Data excerpts:
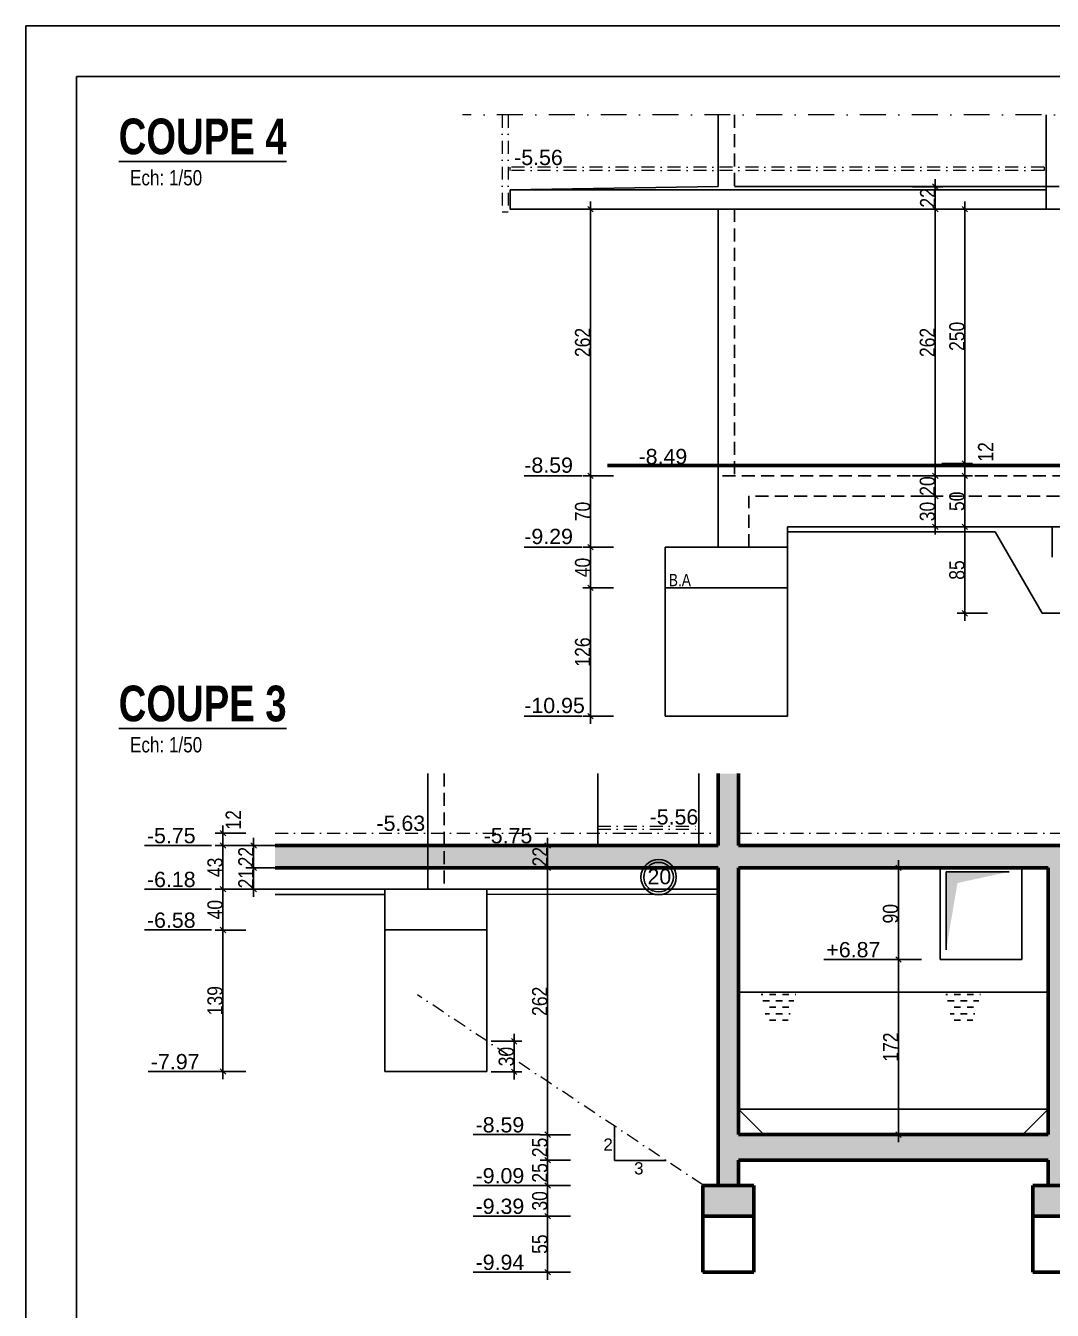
# Model space of a CAD drawing. Header units: centimetres. Extents: x 16433 to 114398, y -50094 to -12305.
# Drawn here: x 52258 to 53266, y -35135 to -33873 of the extents above; entities that cross this region are included whole.
import ezdxf
from ezdxf.enums import TextEntityAlignment as Align

# ---------------------------------------------------------------- set-up
doc = ezdxf.new("R2010")
doc.units = ezdxf.units.CM
doc.header["$LTSCALE"] = 0.5
doc.linetypes.add('CACHEX2', pattern=[19.05, 12.7, -6.35])
doc.linetypes.add('TIRETPTX2', pattern=[50.8, 25.4, -12.7, 0, -12.7])
doc.layers.get('DEFPOINTS').update_dxf_attribs({"linetype": 'CONTINUOUS'})
for name, color, linetype in [('01_cote_gen', 4, 'CONTINUOUS'), ('01_linteaux', 2, 'CONTINUOUS'), ('01_poch_murs', 253, 'CONTINUOUS'), ('01_texte', 230, 'CONTINUOUS'), ('AA_COTES', 2, 'CONTINUOUS')]:
    doc.layers.add(name, color=color, linetype=linetype)
doc.layers.add('01_murs_coup', color=5, linetype='CONTINUOUS', lineweight=60)
doc.layers.add('01_tram_axes', color=2, linetype='TIRETPTX2', lineweight=9)
doc.styles.add('ARIAL', font='arial.ttf')
doc.styles.add('impact', font='impact.ttf')
doc.styles.add('MATTE_TXT', font='arial.ttf')
doc.styles.add('STYLE2', font='ARIALN.TTF')
doc.dimstyles.new('JB50', dxfattribs={"dimscale": 0.1, "dimtxt": 150, "dimasz": 15, "dimexe": 0.1, "dimexo": 0.1, "dimgap": 0.09, "dimtad": 1, "dimdec": 1, "dimdsep": 46, "dimtxsty": 'STYLE2', "dimblk1": 'BOND_G', "dimblk2": 'BOND_D', "dimsah": 1, "dimcen": 1.5, "dimdle": 0.01, "dimse1": 1, "dimse2": 1, "dimclrd": 4, "dimclre": 2, "dimclrt": 6, "dimazin": 2, "dimtfac": 2.333333, "dimtdec": 1, "dimtix": 1, "dimtmove": 2, "dimatfit": 3, "dimldrblk": 'BOND_G', "dimfxl": 1, "dimtolj": 1, "dimtzin": 0, "dimarcsym": 0})

# ---------------------------------------------------------------- blocks, each defined once
blk = doc.blocks.new('BOND_G')
at = {"layer": 'AA_COTES', "color": 0}
for p, q in [((0, -5), (0, 15)), ((5, 0), (-5, 0)), ((1.77, 1.77), (-1.77, -1.77))]:
    blk.add_line(p, q, dxfattribs=at)
blk = doc.blocks.new('BOND_D')
at = {"layer": 'AA_COTES', "color": 0}
for p, q in [((5, 0), (-5, 0)), ((-1.77, -1.77), (1.77, 1.77)), ((0, 5), (0, -15))]:
    blk.add_line(p, q, dxfattribs=at)
blk = doc.blocks.new('*D3706')
at = {"layer": '01_cote_gen', "color": 4, "lineweight": -2, "transparency": 16777216}
blk.add_line((52770.3, -35010.8), (52770.3, -34988.8), dxfattribs=at)
at = {"layer": 'DEFPOINTS', "color": 0}
for p in [(52770.3, -34987.3), (52792.8, -34987.3), (52799.5, -35012.3)]:
    blk.add_point(p, dxfattribs=at)
at = {"layer": '01_cote_gen', "color": 4, "lineweight": -2, "transparency": 16777216, "xscale": 1.5, "yscale": 1.5, "zscale": 1.5}
for name, p, rotation in [('BOND_D', (52770.3, -34987.3), 90), ('BOND_G', (52770.3, -35012.3), 270)]:
    blk.add_blockref(name, p, dxfattribs=dict(at, rotation=rotation))
at = {"layer": '01_cote_gen', "color": 6, "transparency": 16777216, "insert": (52762.6, -34999.8), "char_height": 15, "attachment_point": 5, "rotation": 90, "style": 'STYLE2'}
blk.add_mtext('\\A1;25', dxfattribs=at)
blk = doc.blocks.new('*D3707')
at = {"layer": '01_cote_gen', "color": 4, "lineweight": -2, "transparency": 16777216}
blk.add_line((52770.3, -34985.8), (52770.3, -34963.8), dxfattribs=at)
at = {"layer": 'DEFPOINTS', "color": 0}
for p in [(52770.3, -34962.3), (52784.4, -34962.3), (52784.4, -34987.3)]:
    blk.add_point(p, dxfattribs=at)
at = {"layer": '01_cote_gen', "color": 4, "lineweight": -2, "transparency": 16777216, "xscale": 1.5, "yscale": 1.5, "zscale": 1.5}
for name, p, rotation in [('BOND_D', (52770.3, -34962.3), 90), ('BOND_G', (52770.3, -34987.3), 270)]:
    blk.add_blockref(name, p, dxfattribs=dict(at, rotation=rotation))
at = {"layer": '01_cote_gen', "color": 6, "transparency": 16777216, "insert": (52762.6, -34974.8), "char_height": 15, "attachment_point": 5, "rotation": 90, "style": 'STYLE2'}
blk.add_mtext('\\A1;25', dxfattribs=at)
blk = doc.blocks.new('*D3708')
at = {"layer": '01_cote_gen', "color": 4, "lineweight": -2, "transparency": 16777216}
blk.add_line((52770.3, -34960.8), (52770.3, -34701.8), dxfattribs=at)
at = {"layer": 'DEFPOINTS', "color": 0}
for p in [(52770.3, -34700.3), (52792.8, -34700.3), (52792.8, -34962.3)]:
    blk.add_point(p, dxfattribs=at)
at = {"layer": '01_cote_gen', "color": 4, "lineweight": -2, "transparency": 16777216, "xscale": 1.5, "yscale": 1.5, "zscale": 1.5}
for name, p, rotation in [('BOND_D', (52770.3, -34700.3), 90), ('BOND_G', (52770.3, -34962.3), 270)]:
    blk.add_blockref(name, p, dxfattribs=dict(at, rotation=rotation))
at = {"layer": '01_cote_gen', "color": 6, "transparency": 16777216, "insert": (52762.6, -34831.3), "char_height": 15, "attachment_point": 5, "rotation": 90, "style": 'STYLE2'}
blk.add_mtext('\\A1;262', dxfattribs=at)
blk = doc.blocks.new('*D3709')
at = {"layer": '01_cote_gen', "color": 4, "lineweight": -2, "transparency": 16777216}
blk.add_line((52770.3, -34698.8), (52770.3, -34679.8), dxfattribs=at)
at = {"layer": 'DEFPOINTS', "color": 0}
for p in [(52770.3, -34678.3), (52923, -34678.3), (52848, -34700.3)]:
    blk.add_point(p, dxfattribs=at)
at = {"layer": '01_cote_gen', "color": 4, "lineweight": -2, "transparency": 16777216, "xscale": 1.5, "yscale": 1.5, "zscale": 1.5}
for name, p, rotation in [('BOND_D', (52770.3, -34678.3), 90), ('BOND_G', (52770.3, -34700.3), 270)]:
    blk.add_blockref(name, p, dxfattribs=dict(at, rotation=rotation))
at = {"layer": '01_cote_gen', "color": 6, "transparency": 16777216, "insert": (52762.8, -34689.3), "char_height": 15, "attachment_point": 5, "rotation": 90, "style": 'STYLE2'}
blk.add_mtext('\\A1;22', dxfattribs=at)
blk = doc.blocks.new('*D3710')
at = {"layer": '01_cote_gen', "color": 4, "lineweight": -2, "transparency": 16777216}
blk.add_line((52770.3, -35095.8), (52770.3, -35043.8), dxfattribs=at)
at = {"layer": 'DEFPOINTS', "color": 0}
for p in [(52770.3, -35042.3), (52792.8, -35042.3), (52792.8, -35097.3)]:
    blk.add_point(p, dxfattribs=at)
at = {"layer": '01_cote_gen', "color": 4, "lineweight": -2, "transparency": 16777216, "xscale": 1.5, "yscale": 1.5, "zscale": 1.5}
for name, p, rotation in [('BOND_D', (52770.3, -35042.3), 90), ('BOND_G', (52770.3, -35097.3), 270)]:
    blk.add_blockref(name, p, dxfattribs=dict(at, rotation=rotation))
at = {"layer": '01_cote_gen', "color": 6, "transparency": 16777216, "insert": (52762.7, -35069.8), "char_height": 15, "attachment_point": 5, "rotation": 90, "style": 'STYLE2'}
blk.add_mtext('\\A1;55', dxfattribs=at)
blk = doc.blocks.new('*D3711')
at = {"layer": '01_cote_gen', "color": 4, "lineweight": -2, "transparency": 16777216}
blk.add_line((52770.3, -35040.8), (52770.3, -35013.8), dxfattribs=at)
at = {"layer": 'DEFPOINTS', "color": 0}
for p in [(52770.3, -35012.3), (52792.8, -35012.3), (52792.8, -35042.3)]:
    blk.add_point(p, dxfattribs=at)
at = {"layer": '01_cote_gen', "color": 4, "lineweight": -2, "transparency": 16777216, "xscale": 1.5, "yscale": 1.5, "zscale": 1.5}
for name, p, rotation in [('BOND_D', (52770.3, -35012.3), 90), ('BOND_G', (52770.3, -35042.3), 270)]:
    blk.add_blockref(name, p, dxfattribs=dict(at, rotation=rotation))
at = {"layer": '01_cote_gen', "color": 6, "transparency": 16777216, "insert": (52762.6, -35027.3), "char_height": 15, "attachment_point": 5, "rotation": 90, "style": 'STYLE2'}
blk.add_mtext('\\A1;30', dxfattribs=at)
blk = doc.blocks.new('*D3712')
at = {"layer": '01_cote_gen', "color": 4, "lineweight": -2, "transparency": 16777216}
blk.add_line((53114.6, -34960.8), (53114.6, -34791.8), dxfattribs=at)
at = {"layer": 'DEFPOINTS', "color": 0}
for p in [(53114.6, -34790.3), (53195.6, -34790.3), (53175.5, -34962.3)]:
    blk.add_point(p, dxfattribs=at)
at = {"layer": '01_cote_gen', "color": 4, "lineweight": -2, "transparency": 16777216, "xscale": 1.5, "yscale": 1.5, "zscale": 1.5}
for name, p, rotation in [('BOND_D', (53114.6, -34790.3), 90), ('BOND_G', (53114.6, -34962.3), 270)]:
    blk.add_blockref(name, p, dxfattribs=dict(at, rotation=rotation))
at = {"layer": '01_cote_gen', "color": 6, "transparency": 16777216, "insert": (53107.1, -34876.3), "char_height": 15, "attachment_point": 5, "rotation": 90, "style": 'STYLE2'}
blk.add_mtext('\\A1;172', dxfattribs=at)
blk = doc.blocks.new('*D3713')
at = {"layer": '01_cote_gen', "color": 4, "lineweight": -2, "transparency": 16777216}
blk.add_line((53114.6, -34788.8), (53114.6, -34701.8), dxfattribs=at)
at = {"layer": 'DEFPOINTS', "color": 0}
for p in [(53114.6, -34700.3), (53137.1, -34700.3), (53137.1, -34790.3)]:
    blk.add_point(p, dxfattribs=at)
at = {"layer": '01_cote_gen', "color": 4, "lineweight": -2, "transparency": 16777216, "xscale": 1.5, "yscale": 1.5, "zscale": 1.5}
for name, p, rotation in [('BOND_D', (53114.6, -34700.3), 90), ('BOND_G', (53114.6, -34790.3), 270)]:
    blk.add_blockref(name, p, dxfattribs=dict(at, rotation=rotation))
at = {"layer": '01_cote_gen', "color": 6, "transparency": 16777216, "insert": (53106.9, -34745.3), "char_height": 15, "attachment_point": 5, "rotation": 90, "style": 'STYLE2'}
blk.add_mtext('\\A1;90', dxfattribs=at)
blk = doc.blocks.new('*D3715')
at = {"layer": '01_cote_gen', "color": 4, "lineweight": -2, "transparency": 16777216}
blk.add_line((52737.5, -34872.1), (52737.5, -34899.1), dxfattribs=at)
at = {"layer": 'DEFPOINTS', "color": 0}
for p in [(52710.6, -34870.6), (52710.6, -34900.6), (52737.5, -34900.6)]:
    blk.add_point(p, dxfattribs=at)
at = {"layer": '01_cote_gen', "color": 4, "lineweight": -2, "transparency": 16777216, "xscale": 1.5, "yscale": 1.5, "zscale": 1.5}
for name, p, rotation in [('BOND_G', (52737.5, -34870.6), 90), ('BOND_D', (52737.5, -34900.6), 270)]:
    blk.add_blockref(name, p, dxfattribs=dict(at, rotation=rotation))
at = {"layer": '01_cote_gen', "color": 6, "transparency": 16777216, "insert": (52729.8, -34885.6), "char_height": 15, "attachment_point": 5, "rotation": 90, "style": 'STYLE2'}
blk.add_mtext('\\A1;30', dxfattribs=at)
blk = doc.blocks.new('*D3691')
at = {"layer": '01_cote_gen', "color": 4, "lineweight": -2, "transparency": 16777216}
blk.add_line((52481.7, -34719.8), (52481.7, -34701.8), dxfattribs=at)
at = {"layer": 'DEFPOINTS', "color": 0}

▶ [Directions for this task] Among the records above, repeat exactly the line with "each defined once", the line with "blk = doc.blocks.new('*D3706')", and every line in between, and only those.

▶ [Solution for this problem]
# ---------------------------------------------------------------- blocks, each defined once
blk = doc.blocks.new('BOND_G')
at = {"layer": 'AA_COTES', "color": 0}
for p, q in [((0, -5), (0, 15)), ((5, 0), (-5, 0)), ((1.77, 1.77), (-1.77, -1.77))]:
    blk.add_line(p, q, dxfattribs=at)
blk = doc.blocks.new('BOND_D')
at = {"layer": 'AA_COTES', "color": 0}
for p, q in [((5, 0), (-5, 0)), ((-1.77, -1.77), (1.77, 1.77)), ((0, 5), (0, -15))]:
    blk.add_line(p, q, dxfattribs=at)
blk = doc.blocks.new('*D3706')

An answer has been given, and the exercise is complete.